Proximité avec Washington

Duane Woerth a par ailleurs estimé que la proposition du Qatar «arrivait un peu tard» puisque le conseil de l'OACI, composé de 36 pays, a déjà autorisé le secrétaire général, Raymond Benjamin, à renouveler les accords de siège avec le Canada jusqu'en 2036.

L'ambassadeur a également souligné que l'OACI bénéficiait grandement de sa proximité avec Washington, où se trouve la Federal Aviation Administration. Cet organisme gouvernemental américain, le plus important du genre dans le monde, collabore étroitement avec l'OACI sur une panoplie de questions techniques.

«C'est facile pour nous de le faire parce que la FAA est à une heure et demie de vol de Montréal», a expliqué M. Woerth.

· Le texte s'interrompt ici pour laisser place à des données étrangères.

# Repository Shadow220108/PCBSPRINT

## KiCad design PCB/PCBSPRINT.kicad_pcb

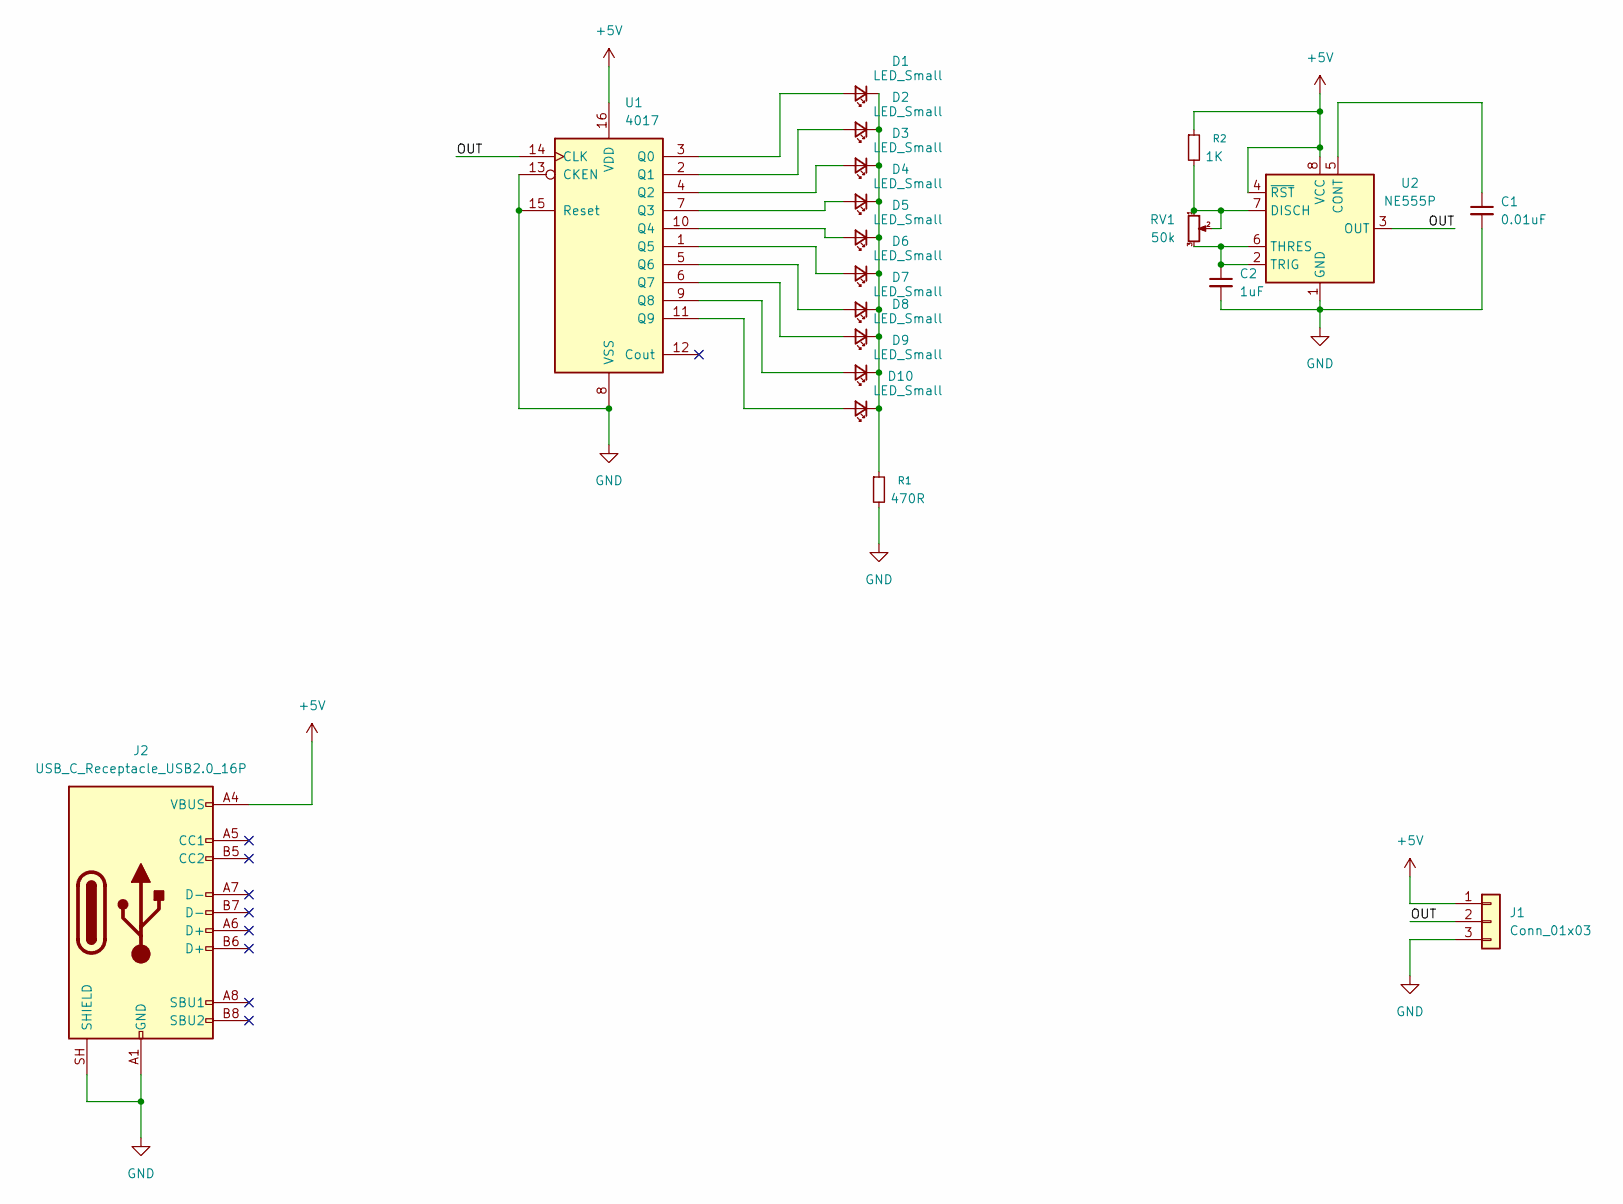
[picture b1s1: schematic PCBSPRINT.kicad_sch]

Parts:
C1: 0.01uF; C_0805_2012Metric_Pad1.18x1.45mm_HandSolder
C2: 1uF; C_0805_2012Metric_Pad1.18x1.45mm_HandSolder
D1, D2, D3, D4, D5, D6, D7, D8, D9, D10: LED_Small; LED_2512_6332Metric_Pad1.52x3.35mm_HandSolder
J1: Conn_01x03; PinHeader_1x03_P2.54mm_Vertical
J2: USB_C_Receptacle_USB2.0_16P; USB_C_Receptacle_HRO_TYPE-C-31-M-12
R1: 470R; R_0805_2012Metric_Pad1.20x1.40mm_HandSolder
R2: 1K; R_0805_2012Metric_Pad1.20x1.40mm_HandSolder
RV1: 50k; Potentiometer_Vishay_T93YA_Vertical
U1: 4017; DIP-16_16P-L20.2-W6.6-P2.54-LS7.6-BL
U2: NE555P; DIP-8_W7.62mm

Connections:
+5V: J1.1, J2.A4 (VBUS), J2.A9 (VBUS), J2.B4 (VBUS), J2.B9 (VBUS), R2.1, U1.16 (VDD), U2.4 (~RST), U2.8 (VCC)
/OUT: J1.2, U1.14 (CLK), U2.3 (OUT)
GND: C1.2, C2.2, J1.3, J2.A1 (GND), J2.A12 (GND), J2.B1 (GND), J2.B12 (GND), J2.SH (SHIELD), R1.2, U1.8 (VSS), U1.13 (CKEN), U1.15 (Reset), U2.1 (GND)
unnamed: D1.2 (A), U1.3 (Q0)
unnamed: D1.1 (K), D2.1 (K), D3.1 (K), D4.1 (K), D5.1 (K), D6.1 (K), D7.1 (K), D8.1 (K), D9.1 (K), D10.1 (K), R1.1
unnamed: D2.2 (A), U1.2 (Q1)
unnamed: D3.2 (A), U1.4 (Q2)
unnamed: D4.2 (A), U1.7 (Q3)
unnamed: D5.2 (A), U1.10 (Q4)
unnamed: D6.2 (A), U1.1 (Q5)
unnamed: D7.2 (A), U1.5 (Q6)
unnamed: D8.2 (A), U1.6 (Q7)
unnamed: D9.2 (A), U1.9 (Q8)
unnamed: D10.2 (A), U1.11 (Q9)
unnamed: C1.1, U2.5 (CONT)
unnamed: R2.2, RV1.1, RV1.2, U2.7 (DISCH)
unnamed: C2.1, RV1.3, U2.2 (TRIG), U2.6 (THRES)

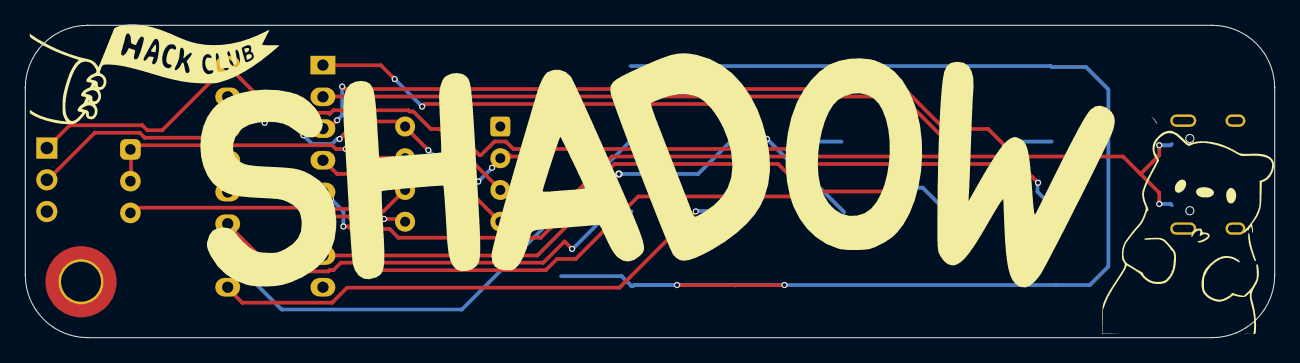
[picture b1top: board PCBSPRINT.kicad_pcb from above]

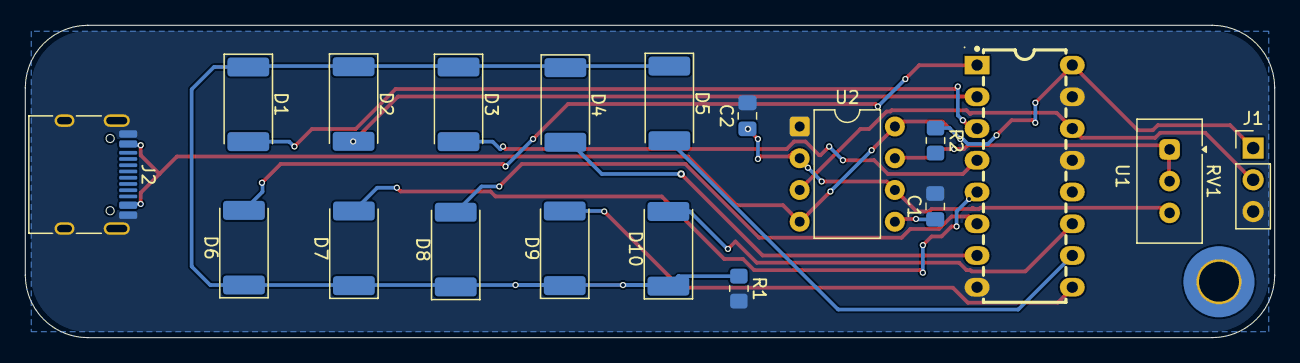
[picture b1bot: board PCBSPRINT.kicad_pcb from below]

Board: 2 copper layers, 100.0 x 25.0 mm, 19 parts (19 on the bottom side), 17 nets.

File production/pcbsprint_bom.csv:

Designator,Footprint,Quantity,Value,LCSC Part #
C1,0805,1,0.01uF,
C2,0805,1,1uF,
"D1, D10, D2, D3, D4, D5, D6, D7, D8, D9",2512,10,LED_Small,
J1,PinHeader_1x03_P2.54mm_Vertical,1,Conn_01x03,
J2,USB_C_Receptacle_HRO_TYPE-C-31-M-12,1,USB_C_Receptacle_USB2.0_16P,
R1,0805,1,470R,
R2,0805,1,1K,
RV1,Potentiometer_Vishay_T93YA_Vertical,1,50k,
U1,DIP-16_16P-L20.2-W6.6-P2.54-LS7.6-BL,1,4017,C34519
U2,DIP-8_W7.62mm,1,NE555P,

À ses yeux, les avantages fiscaux promis par le Qatar ont bien peu d'importance face à d'autres considérations. «L'OACI a connu beaucoup de succès ici. Elle peut compter sur un personnel stable et compétent. Et c'est important parce qu'il s'agit d'un organe à vocation technique.»

Monnaie d'échange?

Pierre Jeanniot, ancien PDG d'Air Canada et de l'Association internationale du transport aérien (IATA), croit que le Canada devra être prêt à consentir des faveurs au Qatar pour le persuader de se désister.

Il a évoqué hier deux dossiers qui ont particulièrement hérissé l'émirat au cours des dernières années: les refus d'Ottawa de permettre la diffusion sans restriction de la chaîne d'information qatarie Al Jazeera en arabe et d'octroyer à Qatar Airways davantage de droits d'atterrissage au Canada.

Selon lui, le Qatar ne se gênera pas pour promettre des aides financières à des pays en développement dans l'espoir d'obtenir leur vote à l'OACI.

M. Jeanniot a en outre soutenu que le gouvernement conservateur allait devoir adoucir sa politique internationale.

«Il faut essayer de réparer les pots cassés, a-t-il dit. Si on a choqué des pays, il faut s'assurer qu'ils ne montent pas une cabale contre nous.»

La proposition du Qatar de déménager le siège de l'OACI doit être soumise au vote des 191 pays membres l'automne prochain. Pour être adoptée, elle devra recevoir 60% des appuis.

Il a été impossible de joindre un officiel du Qatar au cours des derniers jours, que ce soit à Montréal, Ottawa, New York ou Washington.

Une étude datant de 2011 établit les retombées économiques de l'OACI à environ 120 millions de dollars par année pour Montréal. L'organisation emploie 534 personnes dans la métropole et 167 autres dans ses 7 bureaux régionaux.